● WHAT THIS TASK INVOLVES
Where the listing below reaches the line containing "R16: Generic Resistor_1kΩ;", start writing out lines exactly, and stop once the line containing "R35: Generic Resistor_0Ω; Generic Resistor_48" has been written.

● DATA FOR PROCESSING

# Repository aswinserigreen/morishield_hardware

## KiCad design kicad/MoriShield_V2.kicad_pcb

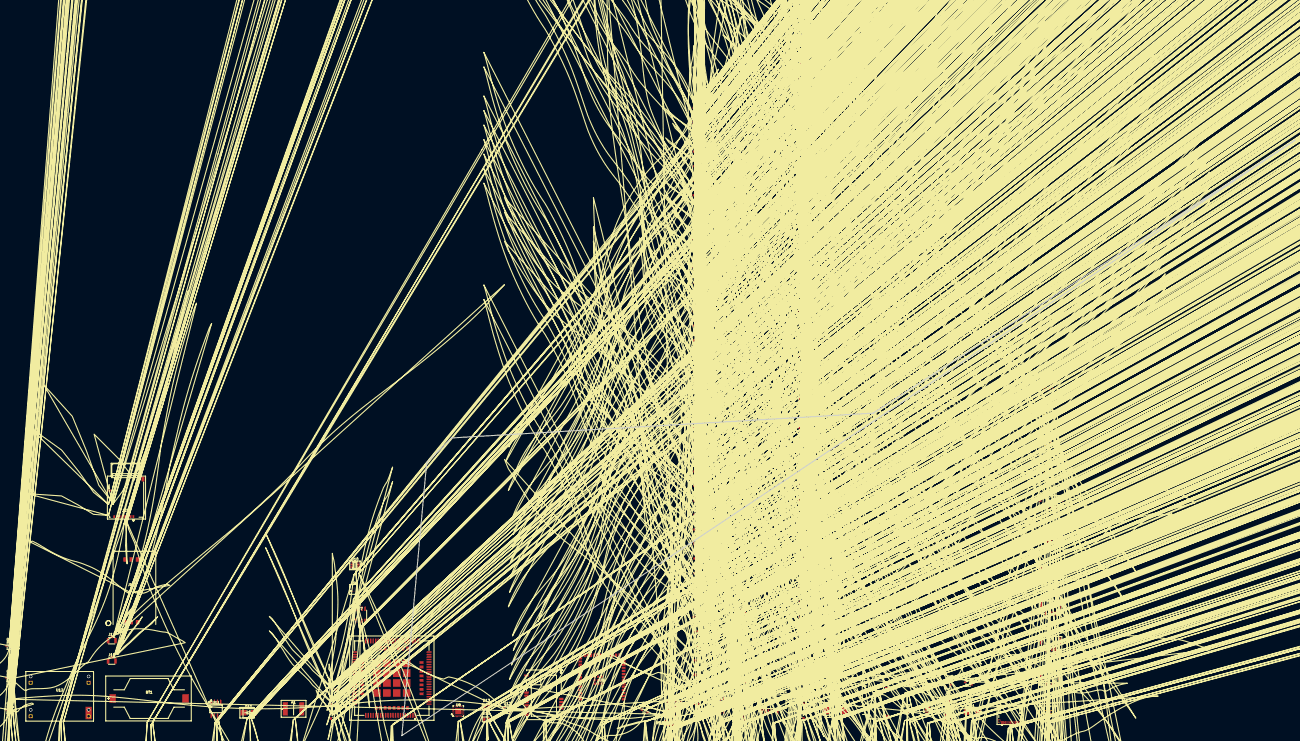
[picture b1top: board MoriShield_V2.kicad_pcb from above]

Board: 4 copper layers, 360.0 x 240.0 mm, 161 parts (0 on the bottom side), 92 nets, no tracks yet.

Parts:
BT1: SMTU2032-LF_BT1; SMTU2032-LF_131
C1: Generic Capacitor_100uF; Generic Capacitor_39
C1_1: Cap-0603-NO-V_C1; Cap-0603-NO-V_161
C2: Generic Capacitor_100uF; Generic Capacitor_125
C2_1: Cap-0603-NO-V_C2; Cap-0603-NO-V_160
C3: Generic Capacitor_47uF; Generic Capacitor_137
C3_1: Cap-0603-NO-V_C3; Cap-0603-NO-V_156
C4: Generic Capacitor_22uF; Generic Capacitor_42
C5: Generic Capacitor_10uF; Generic Capacitor_26
C6: Generic Capacitor_10uF; Generic Capacitor_104
C7: Generic Capacitor_1uF; Generic Capacitor_35
C8: Generic Capacitor_10uF; Generic Capacitor_3
C9: Generic Capacitor_100nF; Generic Capacitor_14
C10: Generic Capacitor_100nF; Generic Capacitor_52
C11: Generic Capacitor_100nF; Generic Capacitor_69
C12: Generic Capacitor_100nF; Generic Capacitor_44
C13: Generic Capacitor_100nF; Generic Capacitor_37
C14: Generic Capacitor_100nF; Generic Capacitor_92
C15: Generic Capacitor_100nF; Generic Capacitor_38
C16: Generic Capacitor_4.7uF; Generic Capacitor_98
C17: Generic Capacitor_100nF; Generic Capacitor_62
C18: Generic Capacitor_100nF; Generic Capacitor_106
C19: Generic Capacitor_22uF; Generic Capacitor_126
C20: Generic Capacitor_1uF; Generic Capacitor_77
C21: Generic Capacitor_22uF; Generic Capacitor_113
C22: Generic Capacitor_22uF; Generic Capacitor_24
C23: Generic Capacitor_10uF; Generic Capacitor_110
C24: Generic Capacitor_10uF; Generic Capacitor_144
C25: Generic Capacitor_47uF; Generic Capacitor_15
C26: Generic Capacitor_47uF; Generic Capacitor_57
C27: Generic Capacitor_10nF; Generic Capacitor_64
C28: Generic Capacitor_1nF; Generic Capacitor_79
C29: Generic Capacitor_47pF; Generic Capacitor_112
C30: Generic Capacitor_100nF; Generic Capacitor_56
C31: Generic Capacitor_100nF; Generic Capacitor_21
C32: Generic Capacitor_1uF; Generic Capacitor_22
C35: Generic Capacitor_100nF; Generic Capacitor_58
C36: Generic Capacitor_10uF; Generic Capacitor_132
C37: Generic Capacitor_100nF; Generic Capacitor_36
C38: Generic Capacitor_100nF; Generic Capacitor_93
C39: Generic Capacitor_1uF; Generic Capacitor_146
C40: Generic Capacitor_1uF; Generic Capacitor_118
C41: Generic Capacitor_100nF; Generic Capacitor_130
C42: Generic Capacitor_10uF; Generic Capacitor_47
C43: Generic Capacitor_100nF; Generic Capacitor_150
C44: Generic Capacitor_0pF; Generic Capacitor_123
C45: Generic Capacitor_0pF; Generic Capacitor_95
D1: SMBJ33A_D1; SMBJ33A_117
D2: USBLC6-2SC6_D2; USBLC6-2SC6_140
D3: USBLC6-2SC6_D3; USBLC6-2SC6_66
D4: USBLC6-2SC6_D4; USBLC6-2SC6_33
D5: USBLC6-2SC6_D5; USBLC6-2SC6_54
D6: USBLC6-2SC6_D6; USBLC6-2SC6_41
D7: USBLC6-2SC6_D7; USBLC6-2SC6_99
D8: USBLC6-2SC6_D8; USBLC6-2SC6_40
D9: SM712_D9; SM712_149
D10: 1N4148WS-13-F_D10; 1N4148WS-13-F_23
D11: SS54B_D11; SS54B_85
D12: APT2012SURCK_D12; APT2012SURCK_138
D13: APT2012SURCK_D13; APT2012SURCK_53
D14: ESDA6V1BC6_D14; ESDA6V1BC6_121
D15: SS54_D15; SS54_133
D16: 1N4148WS-13-F_D16; 1N4148WS-13-F_88
F1: SMDC300F/24-2_F1; SMDC300F/24-2_71
IC1: MPU-6500_IC1; MPU-6500_155
J1: B2B-XH-A(LF)(SN)_J1; B2B-XH-A(LF)(SN)_116
J2: BM04B-GHS-TBT(LF)(SN)_J2; BM04B-GHS-TBT(LF)(SN)_76
J3: BM04B-GHS-TBT(LF)(SN)_J3; BM04B-GHS-TBT(LF)(SN)_12
J4: BM04B-GHS-TBT(LF)(SN)_J4; BM04B-GHS-TBT(LF)(SN)_20
J5: BM05B-GHS-TBT(LF)(SN)(N)_J5; BM05B-GHS-TBT(LF)(SN)(N)_11
J6: BM05B-GHS-TBT(LF)(SN)(N)_J6; BM05B-GHS-TBT(LF)(SN)(N)_59
J7: BM05B-GHS-TBT(LF)(SN)(N)_J7; BM05B-GHS-TBT(LF)(SN)(N)_124
J8: B2B-XH-A(LF)(SN)_J8; B2B-XH-A(LF)(SN)_97
J9: B2B-XH-A(LF)(SN)_J9; B2B-XH-A(LF)(SN)_119
J10: B2B-XH-A(LF)(SN)_J10; B2B-XH-A(LF)(SN)_46
J11: U.FL-R-SMT-1_J11; U.FL-R-SMT-1_135
J12: U.FL-R-SMT-1_J12; U.FL-R-SMT-1_27
J13: USB4215-03-A_J13; USB4215-03-A_114
J14: 7111S2015X02LF_J14; 7111S2015X02LF_78
J15: DM3AT-SF-PEJM5_J15; DM3AT-SF-PEJM5_32
J16: B2B-XH-A(LF)(SN)_J16; B2B-XH-A(LF)(SN)_148
L1: Generic Inductor_1nH; Generic Inductor_134
L2: Generic Inductor_4.7uH; Generic Inductor_153
L3: Generic Inductor_4.7uH; Generic Inductor_105
Q1: AO3400A_Q1; AO3400A_10
Q2: AO3400A_Q2; AO3400A_111
Q3: AO3400A_Q3; AO3400A_89
Q4: MMBT3904LT3G_Q4; MMBT3904LT3G_65
Q5: AO3401A_Q5; AO3401A_120
Q6: MMBT3904LT3G_Q6; MMBT3904LT3G_8
Q7: MMBT3904LT3G_Q7; MMBT3904LT3G_72
R1: Generic Resistor_220Ω; Generic Resistor_122
R1_1: Res-0603-US-Template_10K; Res-0603-US-Template_159
R2: Generic Resistor_220Ω; Generic Resistor_29
R2_1: Res-0603-US-Template_10K; Res-0603-US-Template_163
R3: Generic Resistor_220Ω; Generic Resistor_147
R3_1: Res-0603-US-Template_10K; Res-0603-US-Template_157
R4: Generic Resistor_10kΩ; Generic Resistor_34
R4_1: Res-0603-US-Template_10K; Res-0603-US-Template_158
R5: Generic Resistor_10kΩ; Generic Resistor_61
R5_1: Res-0603-US-Template_10K; Res-0603-US-Template_162
R6: Generic Resistor_10kΩ; Generic Resistor_152
R7: Generic Resistor_4.7kΩ; Generic Resistor_18
R8: Generic Resistor_4.7kΩ; Generic Resistor_49
R9: Generic Resistor_2.2kΩ; Generic Resistor_25
R10: Generic Resistor_2.2kΩ; Generic Resistor_145
R11: Generic Resistor_4.7kΩ; Generic Resistor_136
R12: Generic Resistor_4.7kΩ; Generic Resistor_73
R13: Generic Resistor_10kΩ; Generic Resistor_19
R14: Generic Resistor_10kΩ; Generic Resistor_50
R15: Generic Resistor_10kΩ; Generic Resistor_30
R16: Generic Resistor_1kΩ; Generic Resistor_43
R17: Generic Resistor_10kΩ; Generic Resistor_86
R18: Generic Resistor_22Ω; Generic Resistor_141
R19: Generic Resistor_22Ω; Generic Resistor_28
R20: Generic Resistor_22Ω; Generic Resistor_94
R21: Generic Resistor_22Ω; Generic Resistor_154
R22: Generic Resistor_10kΩ; Generic Resistor_100
R23: Generic Resistor_10kΩ; Generic Resistor_107
R24: Generic Resistor_120Ω; Generic Resistor_17
R25: Generic Resistor_10Ω; Generic Resistor_139
R26: Generic Resistor_10Ω; Generic Resistor_74
R27: Generic Resistor_5.1kΩ; Generic Resistor_90
R28: Generic Resistor_5.1kΩ; Generic Resistor_96
R29: Generic Resistor_1kΩ; Generic Resistor_45
R30: Generic Resistor_1kΩ; Generic Resistor_4
R31: Generic Resistor_0Ω; Generic Resistor_70
R32: Generic Resistor_0Ω; Generic Resistor_60
R33: Generic Resistor_0Ω; Generic Resistor_16
R34: Generic Resistor_0Ω; Generic Resistor_63
R35: Generic Resistor_0Ω; Generic Resistor_48
R36: Generic Resistor_10kΩ; Generic Resistor_55
R37: Generic Resistor_10kΩ; Generic Resistor_83
R38: Generic Resistor_100kΩ; Generic Resistor_75
R39: Generic Resistor_100kΩ; Generic Resistor_13
R40: Generic Resistor_1kΩ; Generic Resistor_129
R41: Generic Resistor_1kΩ; Generic Resistor_6
R42: Generic Resistor_10kΩ; Generic Resistor_109
R43: Generic Resistor_40.2kΩ; Generic Resistor_115
R44: Generic Resistor_12.7kΩ; Generic Resistor_68
R45: Generic Resistor_33kΩ; Generic Resistor_87
R46: Generic Resistor_37.4kΩ; Generic Resistor_91
R47: Generic Resistor_10kΩ; Generic Resistor_151
R48: Generic Resistor_29.4kΩ; Generic Resistor_51
R49: Generic Resistor_10kΩ; Generic Resistor_102
R50: Generic Resistor_0Ω; Generic Resistor_103
SW1: 1571563-8_SW1; 1571563-8_108
SW2: 1571563-8_SW2; 1571563-8_128
U1: ESP32-S3-WROOM-1-N16R8_U1; ESP32-S3-WROOM-1-N16R8_9
U2: E22-900M22S_U2; E22-900M22S_84
U3: SIM7600G-H_R2_U3; SIM7600G-H_R2_5
U4: FDC1004DSCJ_U4; FDC1004DSCJ_82
U6: DS3231S#T&R_U6; DS3231S#T&R_7
U7: MAX3485ESA+_U7; MAX3485ESA+_31
U8: CP2102N-A02-GQFN24_U8; CP2102N-A02-GQFN24_143
U9: TXU0202DTTR_U9; TXU0202DTTR_81
U10: MP2315SGJ-P_U10; MP2315SGJ-P_67
U11: TPS54331D_U11; TPS54331D_101
U12: DC-DC Multi-output Buck Converter (3.3V/5V/9V/12V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; DC-DC Multi-output Buck Converter (3.3V/5V/9V/12V)_80
U13: AP2127K-1.8TRG1_U13; AP2127K-1.8TRG1_127
U14: AP2152SG-13_U14; AP2152SG-13_142

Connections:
1V8_RAIL: C17.P1, C40.P1, U9.OE, U9.VCCA, U13.VOUT
3V3_RAIL: C4.P1, C5.P1, C6.P1, C7.P1, C8.P1, C9.P1, C10.P1, C11.P1, C12.P1, C13.P1, C14.P1, C15.P1, C16.P1, C18.P1, C21.P1, C22.P1, C39.P1, C42.P1, C43.P1, D3.VBUS, D4.VBUS, D5.VBUS, D6.VBUS, D7.VBUS, D8.VBUS, J2.1, J3.1, J4.1, J7.1, J15.VDD, L2.P2, R7.P1, R8.P1, R9.P1, R10.P1, R11.P1, R12.P1, R13.P1, R14.P1, R15.P1, R23.P1, R30.P1, R36.P1, R37.P1, R42.P1, R43.P1, R49.P1, U1.3V3, U2.VCC, U4.VDD, U6.VCC, U7.VCC, U8.VDD, U8.VIO, U8.VREGIN, U9.VCCB, U13.VIN, U13.~{SHUTDOWN}
3V8_PRE_FILTER: C25.P1, C26.P1, L1.P1, L3.P2, R46.P1
3V8_SIM_RAIL: C1.P1, C30.P1, L1.P2
5V_RAIL: C3.P1, C19.P1, C23.P1, C24.P1, D15.K, J5.1, R38.P1, R39.P1, U10.IN, U11.VIN, U12.+ OUT
12V_IN: D1.C, F1.P1, J1.1
12V_PROTECTED: F1.P2, Q5.D
12V_RAIL: C2.P1, D10.2, J8.1, J9.1, J10.1, Q5.S, U12.+ IN
AUTO_DTR_B: Q6.B, R40.P2
AUTO_RTS_B: Q7.B, R41.P2
BOOT_BTN: Q7.C, R13.P2, SW1.~, U1.IO0
BUZZ_GATE: R3.P1, U1.IO38
BUZZ_GATE_DRV: Q3.G, R3.P2, R6.P1
BUZZ_SW: D10.1, J10.2, Q3.D
CP2102_RST: C41.P1, R42.P2, U8.RSTb
DIO2: U2.DIO2, U2.TXEN
DTR: Q7.E, R40.P1, U8.DTR
EN: C32.P1, Q6.C, R15.P2, SW2.~, U1.EN
FDC_CIN1: J6.1, U4.CIN1
FDC_CIN2: J6.2, U4.CIN2
FDC_SHLD1: J6.3, U4.SHLD1
FDC_SHLD2: J6.4, U4.SHLD2
GND: BT1.-, C1.P2, C1_1.P2, C2.P2, C2_1.P2, C3.P2, C3_1.P2, C4.P2, C5.P2, C6.P2, C7.P2, C8.P2, C9.P2, C10.P2, C11.P2, C12.P2, C13.P2, C14.P2, C15.P2, C16.P2, C17.P2, C18.P2, C19.P2, C20.P2, C21.P2, C22.P2, C23.P2, C24.P2, C25.P2, C26.P2, C27.P2, C28.P2, C29.P2, C30.P2, C32.P2, C35.P2, C36.P2, C39.P2, C40.P2, C41.P2, C42.P2, C43.P2, D1.A, D2.GND, D3.GND, D4.GND, D5.GND, D6.GND, D7.GND, D8.GND, D9.3, D11.A, D12.K, IC1.GND, J1.2, J2.2, J3.2, J4.2, J5.2, J6.5, J7.2, J11.2, J11.3, J13.GND_A, J13.GND_B, J13.SHIELD, J15.SHIELD, J15.VSS, Q1.S, Q2.S, Q3.S, Q5.G, R1_1.P2, R2_1.P2, R4.P2, R5.P2, R6.P2, R27.P2, R28.P2, R44.P2, R47.P2, U1.GND_1, U1.GND_2, U1.GND_3, U1.GND_4, U1.GND_5, U1.GND_6, U1.GND_7, U1.GND_8, U1.GND_9, U1.GND_10, U1.GND_11, U4.EP, U4.GND, U6.GND, U7.GND, U8.EP, U8.GND, U9.GND, U10.AAM, U10.GND, U11.GND, U12.- IN, U12.- OUT, U13.GND, U14.GND
GPIO3_STRAP: R14.P2, U1.IO3
I2C1_SCL: D3.I/O2, D4.I/O2, J2.4, J3.4, R8.P2, U1.IO9, U6.SCL
I2C1_SDA: D3.I/O1, D4.I/O1, J2.3, J3.3, R7.P2, U1.IO8, U6.SDA
I2C2_SCL: D5.I/O2, J4.4, R10.P2, U1.IO18, U4.SCL
I2C2_SDA: D5.I/O1, J4.3, R9.P2, U1.IO17, U4.SDA
I2C3_SCL: D6.I/O2, J7.5, R12.P2, U1.IO6
I2C3_SDA: D6.I/O1, J7.4, R11.P2, U1.IO5
LED_GREEN_GATE: R1.P1, U1.IO2
LED_GREEN_GATE_DRV: Q1.G, R1.P2, R4.P1
LED_GREEN_SW: J8.2, Q1.D
LED_RED_GATE: R2.P1, U1.IO4
LED_RED_GATE_DRV: Q2.G, R2.P2, R5.P1
LED_RED_SW: J9.2, Q2.D
LORA_ANT: J11.1, U2.ANT
LORA_BUSY: U1.IO7, U2.BUSY
LORA_DIO1: U1.IO14, U2.DIO1
LORA_NRST: R36.P2, U1.IO21, U2.NRST
LORA_NSS: U1.IO10, U2.NSS
Net 1: C1_1.P1, IC1.REGOUT
Net 2: IC1.SDO/ADO, R1_1.P1
Net 4: IC1.FSYNC, R2_1.P1
Net 6: C2_1.P1, C3_1.P1, IC1.VDD, IC1.VDDIO, R3_1.P2, R4_1.P2, R5_1.P2
Net 8: IC1.nCS, R3_1.P1
Net 9: IC1.SCL/SCLK, R4_1.P1
Net 10: IC1.SDA/SDI, R5_1.P1
PWR_LED_A: D12.A, R30.P2
RS485_A: D9.1, J16.1, R24.P1, R25.P2
RS485_A_IC: R25.P1, U7.A
RS485_B: D9.2, J16.2, R24.P2, R26.P2
RS485_B_IC: R26.P1, U7.B
RS485_DE_RE: U1.IO41, U7.DE, U7.~{RE}
RTC_RST: R37.P2, U6.RST
RTC_VBAT: BT1.+, U6.VBAT
RTS: Q6.E, R41.P1, U8.RTS
SD_CS: J15.CD/DAT3, R49.P2, U1.IO47
SPI_MISO: J15.DAT0, U1.IO13, U2.MISO
SPI_MOSI: J15.CMD, R18.P2, U2.MOSI
SPI_MOSI_MCU: R18.P1, U1.IO11
SPI_SCK: J15.CLK, R19.P2, U2.SCK
SPI_SCK_MCU: R19.P1, U1.IO12
U10_BST: C37.P1, D16.2, U10.BST
U10_EN: R38.P2, U10.EN
U10_FB: R43.P2, R44.P1, U10.FB
U10_SW: C37.P2, L2.P1, U10.SW
U10_VCC: C20.P1, D16.1, U10.VCC
U11_BOOT: C38.P1, U11.BOOT
U11_COMP: C29.P1, R48.P1, U11.COMP
U11_COMP_RC: C28.P1, R48.P2
U11_EN: R39.P2, U11.EN
U11_FB: R46.P2, R47.P1, U11.VSENSE
U11_PH: C38.P2, D11.K, L3.P1, U11.PH
U11_SS: C27.P1, U11.SS
UART0_RX: U1.RXD0, U8.TXD
UART0_TX: U1.TXD0, U8.RXD
UART1_RX: D7.I/O2, J5.4, U1.IO16
UART1_TX: D7.I/O1, J5.3, U1.IO15
UART2_RX: R32.P1, R35.P1, U1.IO39
UART2_RX_485: R35.P2, U7.RO
UART2_TX: R31.P1, R34.P1, U1.IO40
UART2_TX_485: R34.P2, U7.DI
USB_CC1: J13.CC1, R27.P1
USB_CC2: J13.CC2, R28.P1
USB_DEBUG_5V: D15.A, U14.OUT1, U14.OUT2
USB_DN: D2.I/O2, U8.D-
USB_DN_CONN: J13.DN1, J13.DN2
USB_DP: D2.I/O1, U8.D+
USB_DP_CONN: J13.DP1, J13.DP2
USB_VBUS: C35.P1, C36.P1, D2.VBUS, J13.VBUS_A, J13.VBUS_B, U8.VBUS, U14.EN1, U14.EN2, U14.IN
WIND_SPEED: D8.I/O1, J7.3, R23.P2, U1.IO42

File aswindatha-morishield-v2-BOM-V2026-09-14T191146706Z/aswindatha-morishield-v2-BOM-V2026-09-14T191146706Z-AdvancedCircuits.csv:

Component Description,QTY,Ref Des,Mfg P/N #,Manufacturer,Distributor P/N #
"Connector","1","BT1","SMTU2032-LF","Renata",""
"Non-Polarized Capacitor, 100uF, SMD_0603_1608Metric","2","C1,C2","","",""
"Non-Polarized Capacitor","3","C1,C2,C3","","",""
"Non-Polarized Capacitor, 100nF, SMD_0603_1608Metric","16","C10,C11,C12,C13,C14,C15,C17,C18,C30,C31,C35,C37,C38,C41,C43,C9","","",""
"Non-Polarized Capacitor, 4.7uF, SMD_0603_1608Metric","1","C16","","",""
"Non-Polarized Capacitor, 22uF, SMD_0603_1608Metric","4","C19,C21,C22,C4","","",""
"Non-Polarized Capacitor, 1uF, SMD_0603_1608Metric","5","C20,C32,C39,C40,C7","","",""
"Non-Polarized Capacitor, 10uF, SMD_0603_1608Metric","7","C23,C24,C36,C42,C5,C6,C8","","",""
"Non-Polarized Capacitor, 47uF, SMD_0603_1608Metric","3","C25,C26,C3","","",""
"Non-Polarized Capacitor, 10nF, SMD_0603_1608Metric","1","C27","","",""
"Non-Polarized Capacitor, 1nF, SMD_0603_1608Metric","1","C28","","",""
"Non-Polarized Capacitor, 47pF, SMD_0603_1608Metric","1","C29","","",""
"Non-Polarized Capacitor, 0pF, SMD_0603_1608Metric","2","C44,C45","","",""
"TVS, SMB_L4.6-W3.6-LS5.3-RD","1","D1","SMBJ33A","SHIKUES(时科)",""
"Protection","7","D2,D3,D4,D5,D6,D7,D8","USBLC6-2SC6","STMicroelectronics",""
"TVS, SOT-23-3_L2.9-W1.6-P1.90-LS2.8-BR","1","D9","SM712","MDD",""
"Switching Diode, SOD-323_L1.8-W1.3-LS2.5-RD","2","D10,D16","1N4148WS-13-F","DIODES(美台)",""
"Diode","1","D11","SS54B","MDD",""
"LED","2","D12,D13","APT2012SURCK","Kingbright",""
"Protection","1","D14","ESDA6V1BC6","STMicroelectronics",""
"Schottky Barrier Diodes (SBD), SMC_L6.9-W5.9-LS7.9-RD","1","D15","SS54","MDD(Microdiode Semiconductor)",""
"Fuse","1","F1","SMDC300F/24-2","Littelfuse Inc.",""
"IMU","1","IC1","MPU-6500","TDK InvenSense",""
"Wire To Board / Wire To Wire Connector, CONN-TH_B2B-XH-A-LF-SN","5","J1,J10,J16,J8,J9","B2B-XH-A(LF)(SN)","JST",""
"Wire To Board / Wire To Wire Connector, CONN-SMD_4P-P1.25_BM04B-GHS-TBT-LF-SN","3","J2,J3,J4","BM04B-GHS-TBT(LF)(SN)","JST",""
"Wire To Board / Wire To Wire Connector, CONN-SMD_BM05B-GHS-TBT","3","J5,J6,J7","BM05B-GHS-TBT(LF)(SN)(N)","JST",""
"Connector","2","J11,J12","U.FL-R-SMT-1","Hirose Electric Co Ltd",""
"USB C, GCT_USB4215-03-A_REVA","1","J13","USB4215-03-A","GCT",""
"Connector","1","J14","7111S2015X02LF","Amphenol ICC
",""
"Connector","1","J15","DM3AT-SF-PEJM5","Hirose Electric Co Ltd",""
"Inductor, 1nH, SMD_0603_1608Metric","1","L1","","",""
"Inductor, 4.7uH, SMD_0603_1608Metric","2","L2,L3","","",""
"Transistor","3","Q1,Q2,Q3","AO3400A","Alpha & Omega Semiconductor Inc.",""
"Bipolar Transistors - BJT, SOT-23-3_L2.9-W1.3-P1.90-LS2.4-BR","3","Q4,Q6,Q7","MMBT3904LT3G","onsemi(安森美)",""
"MOSFETs, SOT-23_L2.9-W1.3-P1.90-LS2.4-BR","1","Q5","AO3401A","UMW(友台半导体)",""
"Resistor, 220Ω, SMD_0603_1608Metric","3","R1,R2,R3","","",""
"Resistor, 10KΩ","5","R1,R2,R3,R4,R5","","",""
"Resistor, 2.2kΩ, SMD_0603_1608Metric","2","R10,R9","","",""
"Resistor, 4.7kΩ, SMD_0603_1608Metric","4","R11,R12,R7,R8","","",""
"Resistor, 10kΩ, SMD_0603_1608Metric","14","R13,R14,R15,R17,R22,R23,R36,R37,R4,R42,R47,R49,R5,R6","","",""
"Resistor, 1kΩ, SMD_0603_1608Metric","5","R16,R29,R30,R40,R41","","",""
"Resistor, 22Ω, SMD_0603_1608Metric","4","R18,R19,R20,R21","","",""
"Resistor, 120Ω, SMD_0603_1608Metric","1","R24","","",""
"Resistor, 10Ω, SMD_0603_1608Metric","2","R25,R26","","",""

● SOLUTION BELOW
R16: Generic Resistor_1kΩ; Generic Resistor_43
R17: Generic Resistor_10kΩ; Generic Resistor_86
R18: Generic Resistor_22Ω; Generic Resistor_141
R19: Generic Resistor_22Ω; Generic Resistor_28
R20: Generic Resistor_22Ω; Generic Resistor_94
R21: Generic Resistor_22Ω; Generic Resistor_154
R22: Generic Resistor_10kΩ; Generic Resistor_100
R23: Generic Resistor_10kΩ; Generic Resistor_107
R24: Generic Resistor_120Ω; Generic Resistor_17
R25: Generic Resistor_10Ω; Generic Resistor_139
R26: Generic Resistor_10Ω; Generic Resistor_74
R27: Generic Resistor_5.1kΩ; Generic Resistor_90
R28: Generic Resistor_5.1kΩ; Generic Resistor_96
R29: Generic Resistor_1kΩ; Generic Resistor_45
R30: Generic Resistor_1kΩ; Generic Resistor_4
R31: Generic Resistor_0Ω; Generic Resistor_70
R32: Generic Resistor_0Ω; Generic Resistor_60
R33: Generic Resistor_0Ω; Generic Resistor_16
R34: Generic Resistor_0Ω; Generic Resistor_63
R35: Generic Resistor_0Ω; Generic Resistor_48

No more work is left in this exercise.